Can childrenswear be counterfeit? Off-White finds out

Childrenswear designers often take inspiration from adult's trends, but where is the line between inspiration and trademark infringement? Due to a recent lawsuit filed by Off-White, we're about to find out.

The luxury streetwear label is suing a childrenswear label based in Brooklyn, New York, called Brooklyn Lighthouse. Off-White filed its lawsuit in a New York federal court last week, accusing the brand of infringing on federally registered trademarks.

Brooklyn Lighthouse was founded by a mother of two sons who wanted to "provide parents with a wide range of affordable cool clothes for their children." The line is unisex and offers apparel, footwear and accessories priced 60 USD and below. The streetwear-inspired styles include denim jackets, athleisure joggers, sneakers and even fanny packs. It was aptly described by Fashionista as clothing for "hypebeasts under the age of 10."

While children sporting faux Off-White apparel might sound cute, Virgil Abloh certainly doesn't think so. Designs that are trademarked are alternating parallel lines and two intersecting dual-sided arrows. Brooklyn Lighthouse even went as far as printing "Off-White" on its clothing. The mini-hypebeast inspiration doesn't stop at Off-White. The lawsuit alleges that Brooklyn Lighthouse has been "offering for sale and/or selling products that infringe other well-known brands, including, but not limited to, Champion, Supreme and Gucci.”
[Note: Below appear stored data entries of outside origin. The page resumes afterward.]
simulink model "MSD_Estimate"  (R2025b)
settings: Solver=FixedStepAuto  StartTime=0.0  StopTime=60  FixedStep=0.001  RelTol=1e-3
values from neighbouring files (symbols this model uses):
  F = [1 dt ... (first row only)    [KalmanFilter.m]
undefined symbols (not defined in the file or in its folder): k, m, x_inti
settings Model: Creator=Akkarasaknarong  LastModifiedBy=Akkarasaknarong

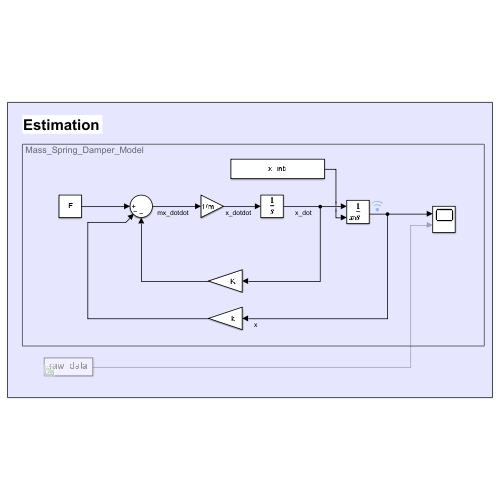
[thumbnail: Simulink's stored preview of the top-level diagram]
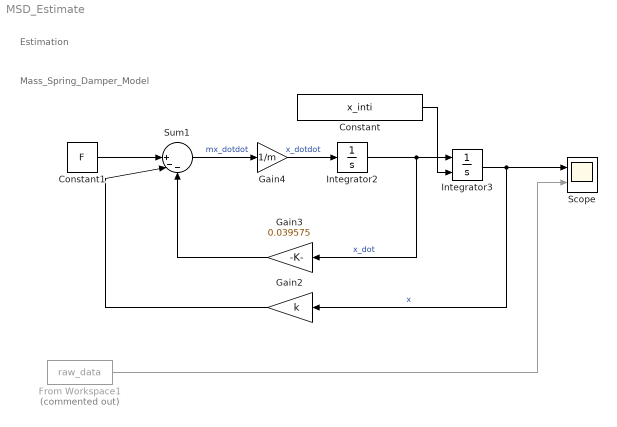
== system MSD_Estimate ==
  note: Mass_Spring_Damper_Model
  note: Estimation
  Constant : Constant  Value=x_inti
  Constant1 : Constant  Value=F
  From Workspace1 : FromWorkspace  Commented=on  VariableName=raw_data
  Gain2 : Gain  Gain=k
  Gain3 : Gain  Gain=0.039575
  Gain4 : Gain  Gain=1/m
  Integrator2 : Integrator
  Integrator3 : Integrator  InitialConditionSource=external
  Scope : Scope  NumInputPorts=2
      settings: ActiveDisplayYMinimum=-0.083681997318588816  ActiveDisplayYMaximum=0.082448358466179386
  Sum1 : Sum  Inputs=||+--
  wires:
  Constant1/1 -> Sum1/1
  Gain4/1 -> Integrator2/1  "x_dotdot"
  Gain2/1 -> Sum1/2
  Sum1/1 -> Gain4/1  "mx_dotdot"
  Integrator3/1 -> Gain2/1, Scope/1  "x"
  Integrator2/1 -> Gain3/1, Integrator3/1  "x_dot"
  Gain3/1 -> Sum1/3
  Constant/1 -> Integrator3/2
  From Workspace1/1 -> Scope/2
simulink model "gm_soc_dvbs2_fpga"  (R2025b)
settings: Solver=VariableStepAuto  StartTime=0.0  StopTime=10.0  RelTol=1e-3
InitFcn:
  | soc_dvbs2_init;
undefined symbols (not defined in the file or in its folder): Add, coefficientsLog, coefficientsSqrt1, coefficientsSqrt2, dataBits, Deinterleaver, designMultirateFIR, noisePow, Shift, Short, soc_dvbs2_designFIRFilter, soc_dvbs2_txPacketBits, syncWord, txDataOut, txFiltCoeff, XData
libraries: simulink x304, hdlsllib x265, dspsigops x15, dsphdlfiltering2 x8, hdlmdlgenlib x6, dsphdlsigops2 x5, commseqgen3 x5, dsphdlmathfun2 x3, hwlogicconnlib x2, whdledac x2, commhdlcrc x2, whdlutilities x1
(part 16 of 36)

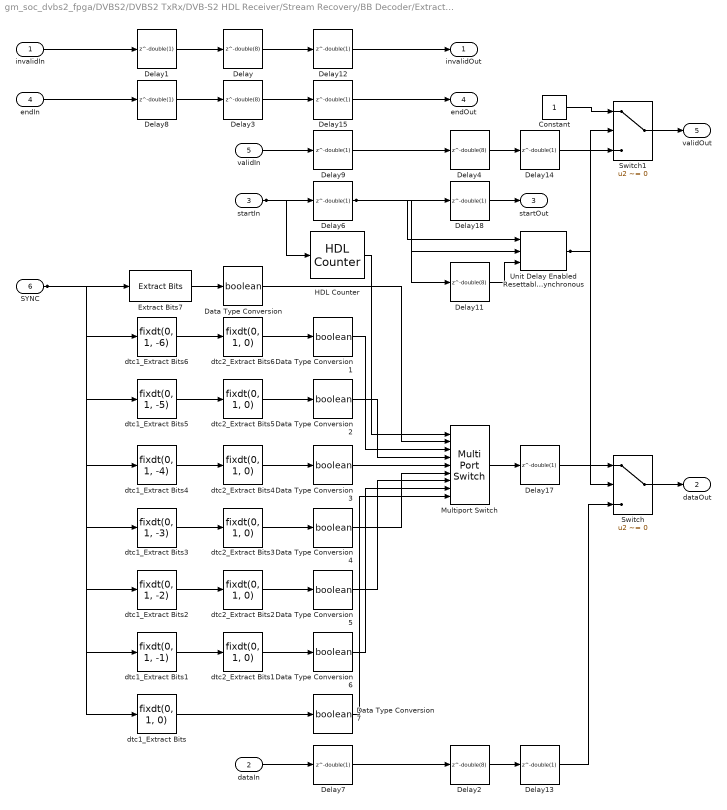
== system gm_soc_dvbs2_fpga/DVBS2/DVBS2 TxRx/DVB-S2 HDL Receiver/Stream Recovery/BB Decoder/Extract Stream/Insert SYNC ==
  invalidIn : Inport  OutDataTypeStr=boolean  PortDimensions=1  SampleTime=7.8125e-09
  dataIn : Inport  Port=2  OutDataTypeStr=boolean  PortDimensions=1  SampleTime=7.8125e-09
  startIn : Inport  Port=3  OutDataTypeStr=boolean  PortDimensions=1  SampleTime=7.8125e-09
  endIn : Inport  Port=4  OutDataTypeStr=boolean  PortDimensions=1  SampleTime=7.8125e-09
  validIn : Inport  Port=5  OutDataTypeStr=boolean  PortDimensions=1  SampleTime=7.8125e-09
  SYNC : Inport  Port=6  OutDataTypeStr=uint8  PortDimensions=1  SampleTime=7.8125e-09
  Constant : Constant  OutDataTypeStr=boolean  SampleTime=7.8125e-09
  Data Type Conversion{,1..7} (8 alike) : DataTypeConversion  OutDataTypeStr=boolean  SampleTime=7.8125e-09  SaturateOnIntegerOverflow=off  RndMeth=Floor
  Delay{,2..4,11} (5 alike) : Delay  DelayLength=double(8)  InitialCondition=0  SampleTime=7.8125e-09
  Delay{1,6..9,12..15,17..18} (11 alike) : Delay  DelayLength=double(1)  InitialCondition=0  SampleTime=7.8125e-09
  Extract Bits7 : simulink/Logic and Bit Operations/Extract Bits  bitsToExtract=Range of bits  numBits=8  bitIdxRange=[7 7]  outScalingMode=Treat bit field as an integer
  HDL Counter : hdlsllib/Sources/HDL Counter  CountType=Count limited  CountInit=0  CountStep=1  CountMax=7  CountFromType=Initial value  CountFrom=0  CountResetPort=on  CountLoadPort=off  CountEnbPort=off  CountDirPort=off  CountHitOutputPort=off  CountDataType=Unsigned  CountWordLen=3  CountFracLen=0  CountSampTime=1
  Multiport Switch : MultiPortSwitch  DataPortOrder=Zero-based contiguous  Inputs=8  DiagnosticForDefault=None  zeroidx=on  SampleTime=7.8125e-09  SaturateOnIntegerOverflow=off  InputSameDT=off
  Switch : Switch  Criteria=u2 ~= 0  Threshold="fi(0,0,1,0,\"hex\",\"0\")"  OutDataTypeStr=boolean  SampleTime=7.8125e-09  SaturateOnIntegerOverflow=off  InputSameDT=off
  Switch1 : Switch  Criteria=u2 ~= 0  Threshold="fi(0,0,1,0,\"hex\",\"0\")"  OutDataTypeStr=boolean  SampleTime=7.8125e-09  SaturateOnIntegerOverflow=off  InputSameDT=off
  Unit Delay Enabled Resettable Synchronous : hdlsllib/Discrete/Unit Delay Enabled Resettable Synchronous  InitialCondition=double(0)  SampleTime=-1
  dtc1_Extract Bits : DataTypeConversion  OutDataTypeStr=fixdt(0, 1, 0)  SampleTime=7.8125e-09  SaturateOnIntegerOverflow=off  RndMeth=Floor
  dtc1_Extract Bits1 : DataTypeConversion  OutDataTypeStr=fixdt(0, 1, -1)  SampleTime=7.8125e-09  SaturateOnIntegerOverflow=off  RndMeth=Floor
  dtc1_Extract Bits2 : DataTypeConversion  OutDataTypeStr=fixdt(0, 1, -2)  SampleTime=7.8125e-09  SaturateOnIntegerOverflow=off  RndMeth=Floor
  dtc1_Extract Bits3 : DataTypeConversion  OutDataTypeStr=fixdt(0, 1, -3)  SampleTime=7.8125e-09  SaturateOnIntegerOverflow=off  RndMeth=Floor
  dtc1_Extract Bits4 : DataTypeConversion  OutDataTypeStr=fixdt(0, 1, -4)  SampleTime=7.8125e-09  SaturateOnIntegerOverflow=off  RndMeth=Floor
  dtc1_Extract Bits5 : DataTypeConversion  OutDataTypeStr=fixdt(0, 1, -5)  SampleTime=7.8125e-09  SaturateOnIntegerOverflow=off  RndMeth=Floor
  dtc1_Extract Bits6 : DataTypeConversion  OutDataTypeStr=fixdt(0, 1, -6)  SampleTime=7.8125e-09  SaturateOnIntegerOverflow=off  RndMeth=Floor
  dtc2_Extract Bits{1..6} (6 alike) : DataTypeConversion  OutDataTypeStr=fixdt(0, 1, 0)  ConvertRealWorld=Stored Integer (SI)  SampleTime=7.8125e-09  SaturateOnIntegerOverflow=off  RndMeth=Floor
  invalidOut : Outport  SampleTime=7.8125e-09
  dataOut : Outport  Port=2  SampleTime=7.8125e-09
  startOut : Outport  Port=3  SampleTime=7.8125e-09
  endOut : Outport  Port=4  SampleTime=7.8125e-09
  validOut : Outport  Port=5  SampleTime=7.8125e-09
  wires:
  dtc1_Extract Bits5/1 -> dtc2_Extract Bits5/1
  Data Type Conversion3/1 -> Multiport Switch/5
  Delay/1 -> Delay12/1
  dtc1_Extract Bits6/1 -> dtc2_Extract Bits6/1
  Data Type Conversion7/1 -> Multiport Switch/9
  invalidIn/1 -> Delay1/1
  dtc2_Extract Bits2/1 -> Data Type Conversion5/1
  SYNC/1 -> dtc1_Extract Bits6/1, dtc1_Extract Bits4/1, Extract Bits7/1, dtc1_Extract Bits3/1, dtc1_Extract Bits2/1, dtc1_Extract Bits1/1, dtc1_Extract Bits5/1, dtc1_Extract Bits/1
  Data Type Conversion6/1 -> Multiport Switch/8
  endIn/1 -> Delay8/1
  Delay12/1 -> invalidOut/1
  Delay1/1 -> Delay/1
  Delay8/1 -> Delay3/1
  Extract Bits7/1 -> Data Type Conversion/1
  dtc1_Extract Bits4/1 -> dtc2_Extract Bits4/1
  dtc1_Extract Bits3/1 -> dtc2_Extract Bits3/1
  validIn/1 -> Delay9/1
  dtc1_Extract Bits2/1 -> dtc2_Extract Bits2/1
  dtc1_Extract Bits1/1 -> dtc2_Extract Bits1/1
  dtc1_Extract Bits/1 -> Data Type Conversion7/1
  Delay3/1 -> Delay15/1
  Data Type Conversion5/1 -> Multiport Switch/7
  startIn/1 -> Delay6/1, HDL Counter/1
  Data Type Conversion/1 -> Multiport Switch/2
  Data Type Conversion4/1 -> Multiport Switch/6
  dtc2_Extract Bits6/1 -> Data Type Conversion1/1
  Data Type Conversion2/1 -> Multiport Switch/4
  dtc2_Extract Bits5/1 -> Data Type Conversion2/1
  dataIn/1 -> Delay7/1
  dtc2_Extract Bits4/1 -> Data Type Conversion3/1
  Constant/1 -> Switch1/1
  dtc2_Extract Bits3/1 -> Data Type Conversion4/1
  dtc2_Extract Bits1/1 -> Data Type Conversion6/1
  Delay15/1 -> endOut/1
  Delay9/1 -> Delay4/1
  Delay6/1 -> Unit Delay Enabled Resettable Synchronous/1, Unit Delay Enabled Resettable Synchronous/2, Delay18/1, Delay11/1
  HDL Counter/1 -> Multiport Switch/1
  Data Type Conversion1/1 -> Multiport Switch/3
  Delay7/1 -> Delay2/1
  Unit Delay Enabled Resettable Synchronous/1 -> Switch1/2, Switch/2
  Delay4/1 -> Delay14/1
  Delay18/1 -> startOut/1
  Switch1/1 -> validOut/1
  Delay11/1 -> Unit Delay Enabled Resettable Synchronous/3
  Multiport Switch/1 -> Delay17/1
  Delay2/1 -> Delay13/1
  Delay14/1 -> Switch1/3
  Delay17/1 -> Switch/1
  Delay13/1 -> Switch/3
  Switch/1 -> dataOut/1

== system gm_soc_dvbs2_fpga/DVBS2/DVBS2 TxRx/DVB-S2 HDL Receiver/Synchronizer and PL Header Decoder/Fine Phase Synchronizer/Power Q and Beta Offset Rotation/Complex Multiplier ==
  In1 : Inport  OutDataTypeStr=fixdt(1, 22, 14)  PortDimensions=1  SampleTime=2.5e-07
      settings: SignalType=complex
  In2 : Inport  Port=2  OutDataTypeStr=fixdt(1, 22, 14)  PortDimensions=1  SampleTime=2.5e-07
      settings: SignalType=complex
  AddADn : Sum  Inputs=++|  OutDataTypeStr=fixdt(1, 22, 14)
  AddAUp : Sum  Inputs=|+-  OutDataTypeStr=fixdt(1, 22, 14)
  AddBCtr : Sum  Inputs=+|+  OutDataTypeStr=fixdt(1, 23, 14)
  AddBDn : Sum  Inputs=|+-  OutDataTypeStr=fixdt(1, 23, 14)
  AddBUp : Sum  Inputs=++|  OutDataTypeStr=fixdt(1, 23, 14)
  Complex to Real-Imag : ComplexToRealImag
  Complex to Real-Imag1 : ComplexToRealImag
  Delay{1..8,21} (9 alike) : Delay
  Delay{9..20} (12 alike) : Delay  DelayLength=1
  ProductCtr : Product  OutDataTypeStr=fixdt(1, 45, 28)
  ProductDn : Product  OutDataTypeStr=fixdt(1, 45, 28)
  ProductUp : Product  OutDataTypeStr=fixdt(1, 45, 28)
  Real-Imag to Complex : RealImagToComplex
  Out1 : Outport  SampleTime=2.5e-07  VectorParamsAs1DForOutWhenUnconnected=off
  wires:
  Delay9/1 -> AddBUp/1
  Delay7/1 -> Delay17/1
  ProductUp/1 -> Delay21/1
  AddBDn/1 -> Delay5/1
  [IM2] -> Delay15/1
  [RE2] -> Delay14/1
  Delay5/1 -> ProductDn/2
  [IM2] -> Delay10/1
  AddAUp/1 -> Delay19/1
  ProductCtr/1 -> Delay7/1
  Complex to Real-Imag/2 -> Delay13/1
  [RE2] -> Delay9/1
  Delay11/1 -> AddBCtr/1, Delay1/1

When asked for comment, a spokesperson from Brooklyn Lighthouse simply wrote to FashionUnited, "We have no comment, please refrain from using images of children without their permission in any article."

Are streetwear brands really afraid of a few kids?

The lawsuit reads, "Particularly in light of Off-White's success, the Off-White Products and the reputation they have gained, Off-White and its Off-White Products have become targets for unscrupulous individuals and entities that wish to exploit the goodwill, reputation and fame that Off-White has amassed."

Off-White is basically alleging that Brooklyn Lighthouse, and perhaps future brands to come, is piggybacking on its success through marketing similar designs.

However, the common factor with trademark issues is that the complainant party believes that the defendant has prevented them from making sales, as consumers have bought the trademarked style from the defendant instead of the complainant. But Off-White doesn't currently produce childrenswear, so there is no way that Brooklyn Lighthouse could have taken sales from Off-White.

Off-White seems to be more concerned with its exclusivity than anything else. When a pair of polyamide track pants holds a regular retail price of 655 dollars on the Off-White site, yet a similar pair sold on Amazon costs 26 dollars, it is clear that the the brand plans its pricing to select a specific clientele. If kids are wearing clothes that look like Off-White designs, would that make Off-White's clothing lose its value?